- [TASK TO COMPLETE]
The required answer is a copy of each line in the entries below that includes "units".
(GIVEN INFORMATION Opens)
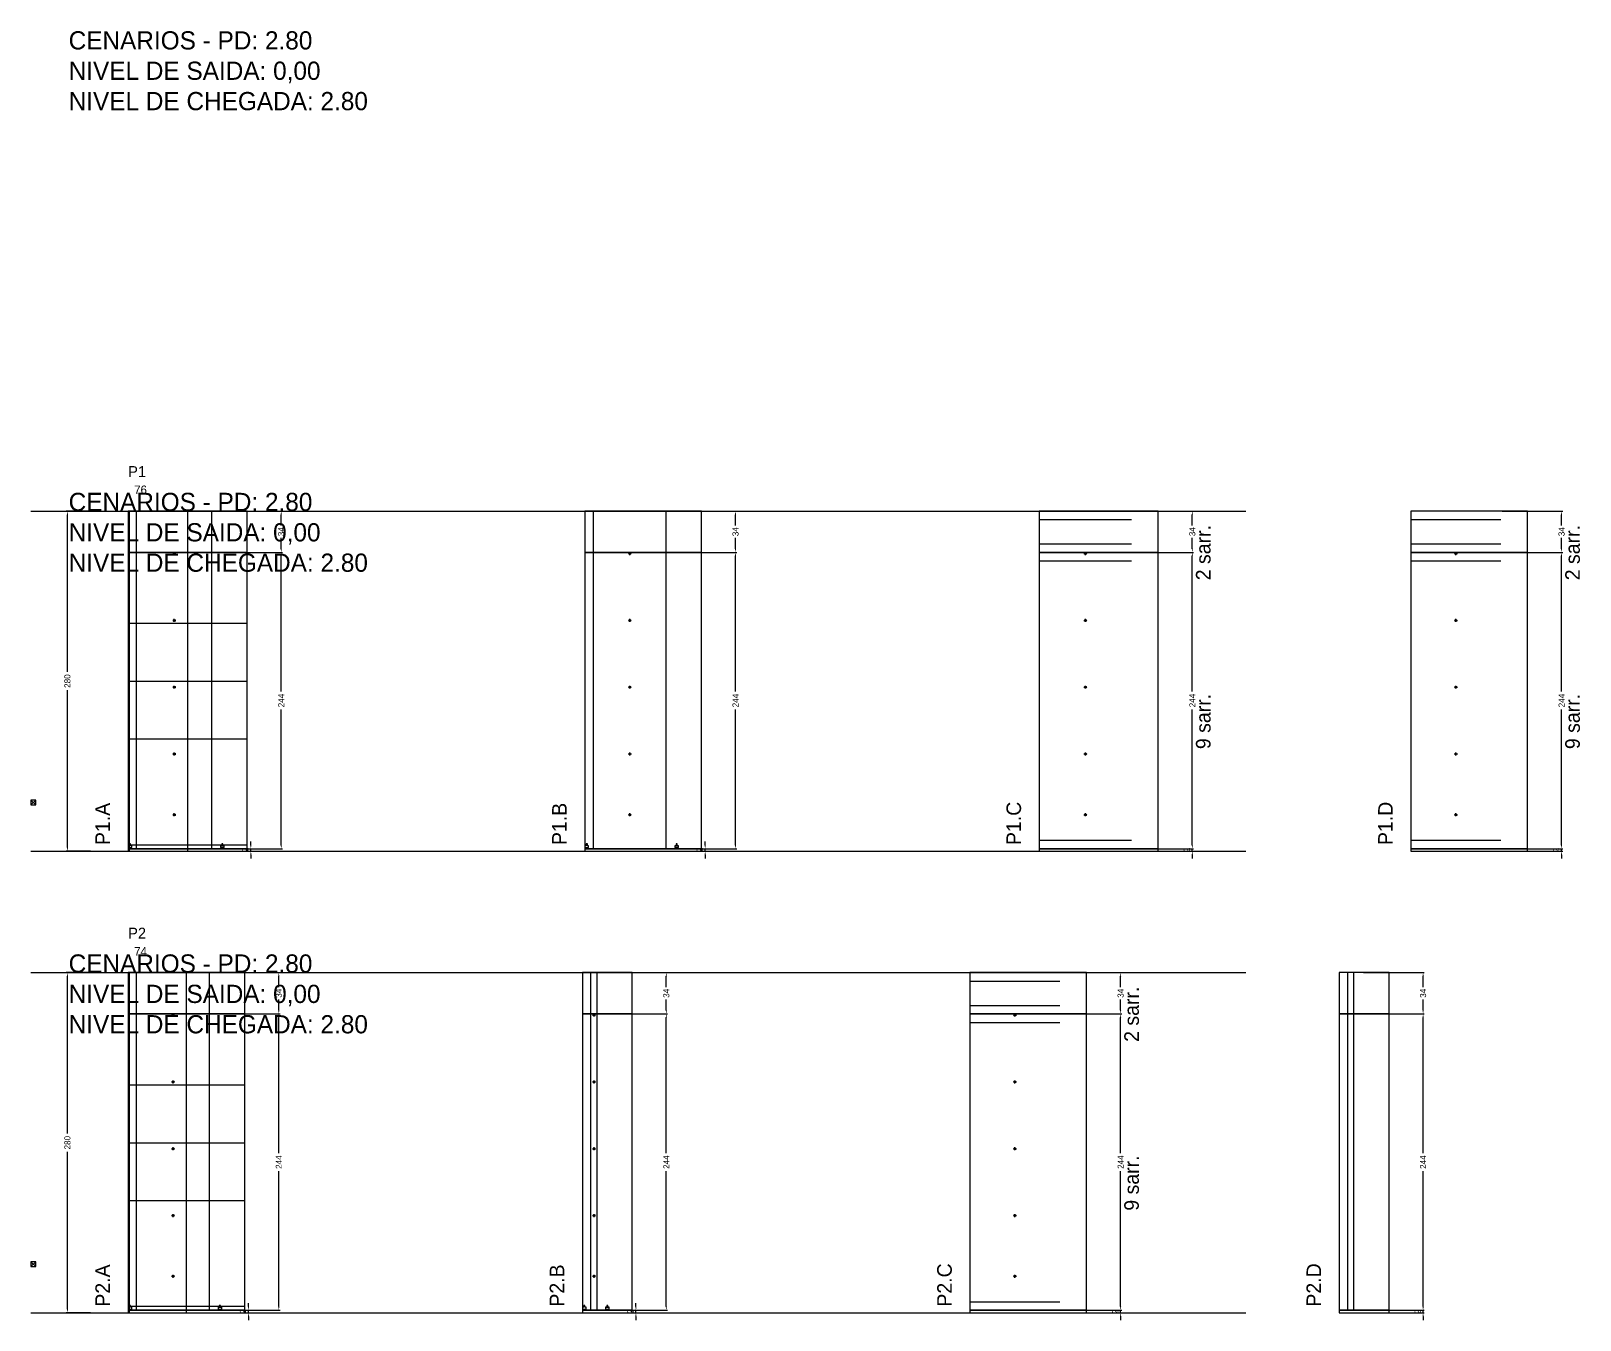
# Model space of a CAD drawing. Header units: centimetres. Extents: x -8500 to 4127, y -3806 to 295.
# Drawn here: x -7000 to -5725, y -766 to 295 of the extents above; entities that cross this region are included whole.
import ezdxf

# ---------------------------------------------------------------- set-up
doc = ezdxf.new("R2010")
doc.units = ezdxf.units.CM
doc.linetypes.add('DASHED', pattern=[2, -2])
for name, color, linetype in [('CHAPA', 140, 'Continuous'), ('COTA', 241, 'Continuous'), ('COTAS FURACAO', 16, 'Continuous'), ('Madeira', 30, 'Continuous'), ('MEIO_PONT', 160, 'Continuous'), ('NOMENCLATURA', 7, 'Continuous'), ('Nível', 160, 'Continuous'), ('Painéis', 200, 'Continuous'), ('Perfil Metálico', 150, 'Continuous'), ('SARR_2.2x7', 40, 'Continuous'), ('SARRAFO DE PRESSAO', 200, 'Continuous'), ('texto', 7, 'Continuous'), ('TEXTO_GERAL', 7, 'Continuous')]:
    doc.layers.add(name, color=color, linetype=linetype)
doc.dimstyles.new('PAINEL-NOVA', dxfattribs={"dimtxt": 5, "dimasz": 3, "dimexe": 1, "dimexo": 1, "dimgap": 1, "dimtad": 1, "dimcen": 2.5, "dimazin": 3, "dimtfac": 1, "dimtmove": 0, "dimatfit": 3})

# ---------------------------------------------------------------- blocks, each defined once
blk = doc.blocks.new('_CLOSEDFILLED')
at = {"color": 0, "linetype": 'BYBLOCK'}
blk.add_solid([(-1, 0.16), (0, 0), (-1, -0.16)], dxfattribs=at)
blk = doc.blocks.new('*D1')
for p, q in [((-6951, -100), (-6971, -100)), ((-6970, -232.5), (-6970, -103)), ((-6970, -377), (-6970, -247.5)), ((-6951, -380), (-6971, -380))]:
    blk.add_line(p, q)
at = {"layer": 'Defpoints'}
for p in [(-6950, -100), (-6970, -380), (-6950, -380)]:
    blk.add_point(p, dxfattribs=at)
at = {"layer": 'COTA', "xscale": 3, "yscale": 3}
for p, rotation in [((-6970, -100), 90), ((-6970, -380), 270)]:
    blk.add_blockref('_CLOSEDFILLED', p, dxfattribs=dict(at, rotation=rotation))
at = {"layer": 'COTA', "insert": (-6970, -240), "char_height": 5, "attachment_point": 5, "rotation": 90}
blk.add_mtext('280', dxfattribs=at)
blk = doc.blocks.new('MULDURA')
at = {"layer": 'Paineis'}
for p, q in [((0, 0), (4, 4)), ((4, 0), (0, 4))]:
    blk.add_line(p, q, dxfattribs=at)
blk.add_lwpolyline([(0, 0), (4, 0), (4, 4), (0, 4)], close=True, dxfattribs=at)
blk = doc.blocks.new('*D3')
for p, q in [((-6843, -134), (-6793, -134)), ((-6794, -248.5), (-6794, -137)), ((-6794, -375), (-6794, -263.5)), ((-6843, -378), (-6793, -378))]:
    blk.add_line(p, q)
at = {"layer": 'Defpoints'}
for p in [(-6844, -134), (-6844, -378), (-6794, -378)]:
    blk.add_point(p, dxfattribs=at)
at = {"layer": 'COTA', "xscale": 3, "yscale": 3}
for p, rotation in [((-6794, -134), 90), ((-6794, -378), 270)]:
    blk.add_blockref('_CLOSEDFILLED', p, dxfattribs=dict(at, rotation=rotation))
at = {"layer": 'COTA', "insert": (-6794, -256), "char_height": 5, "attachment_point": 5, "rotation": 90}
blk.add_mtext('244', dxfattribs=at)
blk = doc.blocks.new('*D4')
for p, q in [((-6843, -100), (-6793, -100)), ((-6794, -112), (-6794, -103)), ((-6794, -131), (-6794, -122)), ((-6843, -134), (-6793, -134))]:
    blk.add_line(p, q)
at = {"layer": 'Defpoints'}
for p in [(-6844, -100), (-6844, -134), (-6794, -134)]:
    blk.add_point(p, dxfattribs=at)
at = {"layer": 'COTA', "xscale": 3, "yscale": 3}
for p, rotation in [((-6794, -100), 90), ((-6794, -134), 270)]:
    blk.add_blockref('_CLOSEDFILLED', p, dxfattribs=dict(at, rotation=rotation))
at = {"layer": 'COTA', "insert": (-6794, -117), "char_height": 5, "attachment_point": 5, "rotation": 90}
blk.add_mtext('34', dxfattribs=at)
blk = doc.blocks.new('SLIPTEE')
at = {"layer": 'Paineis'}
blk.add_lwpolyline([(0, 0), (3, 0), (3, 1.5), (2, 1.5), (2, 3), (1, 3), (1, 1.5), (0, 1.5)], close=True, dxfattribs=at)
blk = doc.blocks.new('SLIPTDD')
at = {"layer": 'Paineis'}
blk.add_line((0, 1.5), (3, 1.5), dxfattribs=at)
blk.add_lwpolyline([(0, 0), (3, 0), (3, 1.5), (2, 1.5), (2, 3), (1, 3), (1, 1.5), (0, 1.5)], close=True, dxfattribs=at)
blk = doc.blocks.new('furacao')
at = {"layer": 'COTAS FURACAO'}
for p, q in [((-1.2, 0), (1.2, 0)), ((0, -1.2), (0, 1.2))]:
    blk.add_line(p, q, dxfattribs=at)
blk.add_circle((0, 0), 0.8, dxfattribs=at)
blk = doc.blocks.new('*D6')
for p, q in [((-6469, -134), (-6419, -134)), ((-6420, -248.5), (-6420, -137)), ((-6420, -375), (-6420, -263.5)), ((-6469, -378), (-6419, -378))]:
    blk.add_line(p, q)
at = {"layer": 'Defpoints'}
for p in [(-6470, -134), (-6470, -378), (-6420, -378)]:
    blk.add_point(p, dxfattribs=at)
at = {"layer": 'COTA', "xscale": 3, "yscale": 3}
for p, rotation in [((-6420, -134), 90), ((-6420, -378), 270)]:
    blk.add_blockref('_CLOSEDFILLED', p, dxfattribs=dict(at, rotation=rotation))
at = {"layer": 'COTA', "insert": (-6420, -256), "char_height": 5, "attachment_point": 5, "rotation": 90}
blk.add_mtext('244', dxfattribs=at)
blk = doc.blocks.new('*D7')
for p, q in [((-6469, -100), (-6419, -100)), ((-6420, -112), (-6420, -103)), ((-6420, -131), (-6420, -122)), ((-6469, -134), (-6419, -134))]:
    blk.add_line(p, q)
at = {"layer": 'Defpoints'}
for p in [(-6470, -100), (-6470, -134), (-6420, -134)]:
    blk.add_point(p, dxfattribs=at)
at = {"layer": 'COTA', "xscale": 3, "yscale": 3}
for p, rotation in [((-6420, -100), 90), ((-6420, -134), 270)]:
    blk.add_blockref('_CLOSEDFILLED', p, dxfattribs=dict(at, rotation=rotation))
at = {"layer": 'COTA', "insert": (-6420, -117), "char_height": 5, "attachment_point": 5, "rotation": 90}
blk.add_mtext('34', dxfattribs=at)
blk = doc.blocks.new('*D9')
for p, q in [((-6093, -134), (-6043, -134)), ((-6044, -248.5), (-6044, -137)), ((-6044, -375), (-6044, -263.5)), ((-6093, -378), (-6043, -378))]:
    blk.add_line(p, q)
at = {"layer": 'Defpoints'}
for p in [(-6094, -134), (-6094, -378), (-6044, -378)]:
    blk.add_point(p, dxfattribs=at)
at = {"layer": 'COTA', "xscale": 3, "yscale": 3}
for p, rotation in [((-6044, -134), 90), ((-6044, -378), 270)]:
    blk.add_blockref('_CLOSEDFILLED', p, dxfattribs=dict(at, rotation=rotation))
at = {"layer": 'COTA', "insert": (-6044, -256), "char_height": 5, "attachment_point": 5, "rotation": 90}
blk.add_mtext('244', dxfattribs=at)
blk = doc.blocks.new('*D10')
for p, q in [((-6093, -100), (-6043, -100)), ((-6044, -112), (-6044, -103)), ((-6044, -131), (-6044, -122)), ((-6093, -134), (-6043, -134))]:
    blk.add_line(p, q)
at = {"layer": 'Defpoints'}
for p in [(-6094, -100), (-6094, -134), (-6044, -134)]:
    blk.add_point(p, dxfattribs=at)
at = {"layer": 'COTA', "xscale": 3, "yscale": 3}
for p, rotation in [((-6044, -100), 90), ((-6044, -134), 270)]:
    blk.add_blockref('_CLOSEDFILLED', p, dxfattribs=dict(at, rotation=rotation))
at = {"layer": 'COTA', "insert": (-6044, -117), "char_height": 5, "attachment_point": 5, "rotation": 90}
blk.add_mtext('34', dxfattribs=at)
blk = doc.blocks.new('*D12')
for p, q in [((-5789, -134), (-5739, -134)), ((-5740, -248.5), (-5740, -137)), ((-5740, -375), (-5740, -263.5)), ((-5789, -378), (-5739, -378))]:
    blk.add_line(p, q)
at = {"layer": 'Defpoints'}
for p in [(-5790, -134), (-5790, -378), (-5740, -378)]:
    blk.add_point(p, dxfattribs=at)
at = {"layer": 'COTA', "xscale": 3, "yscale": 3}
for p, rotation in [((-5740, -134), 90), ((-5740, -378), 270)]:
    blk.add_blockref('_CLOSEDFILLED', p, dxfattribs=dict(at, rotation=rotation))
at = {"layer": 'COTA', "insert": (-5740, -256), "char_height": 5, "attachment_point": 5, "rotation": 90}
blk.add_mtext('244', dxfattribs=at)
blk = doc.blocks.new('*D13')
for p, q in [((-5789, -100), (-5739, -100)), ((-5740, -112), (-5740, -103)), ((-5740, -131), (-5740, -122)), ((-5789, -134), (-5739, -134))]:
    blk.add_line(p, q)
at = {"layer": 'Defpoints'}
for p in [(-5790, -100), (-5790, -134), (-5740, -134)]:
    blk.add_point(p, dxfattribs=at)
at = {"layer": 'COTA', "xscale": 3, "yscale": 3}
for p, rotation in [((-5740, -100), 90), ((-5740, -134), 270)]:
    blk.add_blockref('_CLOSEDFILLED', p, dxfattribs=dict(at, rotation=rotation))
at = {"layer": 'COTA', "insert": (-5740, -117), "char_height": 5, "attachment_point": 5, "rotation": 90}
blk.add_mtext('34', dxfattribs=at)
blk = doc.blocks.new('*D27')
for p, q in [((-6951, -480), (-6971, -480)), ((-6970, -612.5), (-6970, -483)), ((-6970, -757), (-6970, -627.5)), ((-6951, -760), (-6971, -760))]:
    blk.add_line(p, q)
at = {"layer": 'Defpoints'}
for p in [(-6950, -480), (-6970, -760), (-6950, -760)]:
    blk.add_point(p, dxfattribs=at)
at = {"layer": 'COTA', "xscale": 3, "yscale": 3}
for p, rotation in [((-6970, -480), 90), ((-6970, -760), 270)]:
    blk.add_blockref('_CLOSEDFILLED', p, dxfattribs=dict(at, rotation=rotation))
at = {"layer": 'COTA', "insert": (-6970, -620), "char_height": 5, "attachment_point": 5, "rotation": 90}
blk.add_mtext('280', dxfattribs=at)
blk = doc.blocks.new('*D29')
for p, q in [((-6845, -514), (-6795, -514)), ((-6796, -628.5), (-6796, -517)), ((-6796, -755), (-6796, -643.5)), ((-6845, -758), (-6795, -758))]:
    blk.add_line(p, q)
at = {"layer": 'Defpoints'}
for p in [(-6846, -514), (-6846, -758), (-6796, -758)]:
    blk.add_point(p, dxfattribs=at)
at = {"layer": 'COTA', "xscale": 3, "yscale": 3}
for p, rotation in [((-6796, -514), 90), ((-6796, -758), 270)]:
    blk.add_blockref('_CLOSEDFILLED', p, dxfattribs=dict(at, rotation=rotation))
at = {"layer": 'COTA', "insert": (-6796, -636), "char_height": 5, "attachment_point": 5, "rotation": 90}
blk.add_mtext('244', dxfattribs=at)
blk = doc.blocks.new('*D30')
for p, q in [((-6845, -480), (-6795, -480)), ((-6796, -492), (-6796, -483)), ((-6796, -511), (-6796, -502)), ((-6845, -514), (-6795, -514))]:
    blk.add_line(p, q)
at = {"layer": 'Defpoints'}
for p in [(-6846, -480), (-6846, -514), (-6796, -514)]:
    blk.add_point(p, dxfattribs=at)
at = {"layer": 'COTA', "xscale": 3, "yscale": 3}
for p, rotation in [((-6796, -480), 90), ((-6796, -514), 270)]:
    blk.add_blockref('_CLOSEDFILLED', p, dxfattribs=dict(at, rotation=rotation))
at = {"layer": 'COTA', "insert": (-6796, -497), "char_height": 5, "attachment_point": 5, "rotation": 90}
blk.add_mtext('34', dxfattribs=at)
blk = doc.blocks.new('*D32')
for p, q in [((-6526, -514), (-6476, -514)), ((-6477, -628.5), (-6477, -517)), ((-6477, -755), (-6477, -643.5)), ((-6526, -758), (-6476, -758))]:
    blk.add_line(p, q)
at = {"layer": 'Defpoints'}
for p in [(-6527, -514), (-6527, -758), (-6477, -758)]:
    blk.add_point(p, dxfattribs=at)
at = {"layer": 'COTA', "xscale": 3, "yscale": 3}
for p, rotation in [((-6477, -514), 90), ((-6477, -758), 270)]:
    blk.add_blockref('_CLOSEDFILLED', p, dxfattribs=dict(at, rotation=rotation))
at = {"layer": 'COTA', "insert": (-6477, -636), "char_height": 5, "attachment_point": 5, "rotation": 90}
blk.add_mtext('244', dxfattribs=at)
blk = doc.blocks.new('*D33')
for p, q in [((-6526, -480), (-6476, -480)), ((-6477, -492), (-6477, -483)), ((-6477, -511), (-6477, -502)), ((-6526, -514), (-6476, -514))]:
    blk.add_line(p, q)
at = {"layer": 'Defpoints'}
for p in [(-6527, -480), (-6527, -514), (-6477, -514)]:
    blk.add_point(p, dxfattribs=at)
at = {"layer": 'COTA', "xscale": 3, "yscale": 3}
for p, rotation in [((-6477, -480), 90), ((-6477, -514), 270)]:
    blk.add_blockref('_CLOSEDFILLED', p, dxfattribs=dict(at, rotation=rotation))
at = {"layer": 'COTA', "insert": (-6477, -497), "char_height": 5, "attachment_point": 5, "rotation": 90}
blk.add_mtext('34', dxfattribs=at)
blk = doc.blocks.new('*D35')
for p, q in [((-6152, -514), (-6102, -514)), ((-6103, -628.5), (-6103, -517)), ((-6103, -755), (-6103, -643.5)), ((-6152, -758), (-6102, -758))]:
    blk.add_line(p, q)
at = {"layer": 'Defpoints'}
for p in [(-6153, -514), (-6153, -758), (-6103, -758)]:
    blk.add_point(p, dxfattribs=at)
at = {"layer": 'COTA', "xscale": 3, "yscale": 3}
for p, rotation in [((-6103, -514), 90), ((-6103, -758), 270)]:
    blk.add_blockref('_CLOSEDFILLED', p, dxfattribs=dict(at, rotation=rotation))
at = {"layer": 'COTA', "insert": (-6103, -636), "char_height": 5, "attachment_point": 5, "rotation": 90}
blk.add_mtext('244', dxfattribs=at)
blk = doc.blocks.new('*D36')
for p, q in [((-6152, -480), (-6102, -480)), ((-6103, -492), (-6103, -483)), ((-6103, -511), (-6103, -502)), ((-6152, -514), (-6102, -514))]:
    blk.add_line(p, q)
at = {"layer": 'Defpoints'}
for p in [(-6153, -480), (-6153, -514), (-6103, -514)]:
    blk.add_point(p, dxfattribs=at)
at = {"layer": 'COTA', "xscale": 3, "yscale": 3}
(GIVEN INFORMATION Closes)
- [RESULT FOR THIS EXERCISE]
# Model space of a CAD drawing. Header units: centimetres. Extents: x -8500 to 4127, y -3806 to 295.
doc.units = ezdxf.units.CM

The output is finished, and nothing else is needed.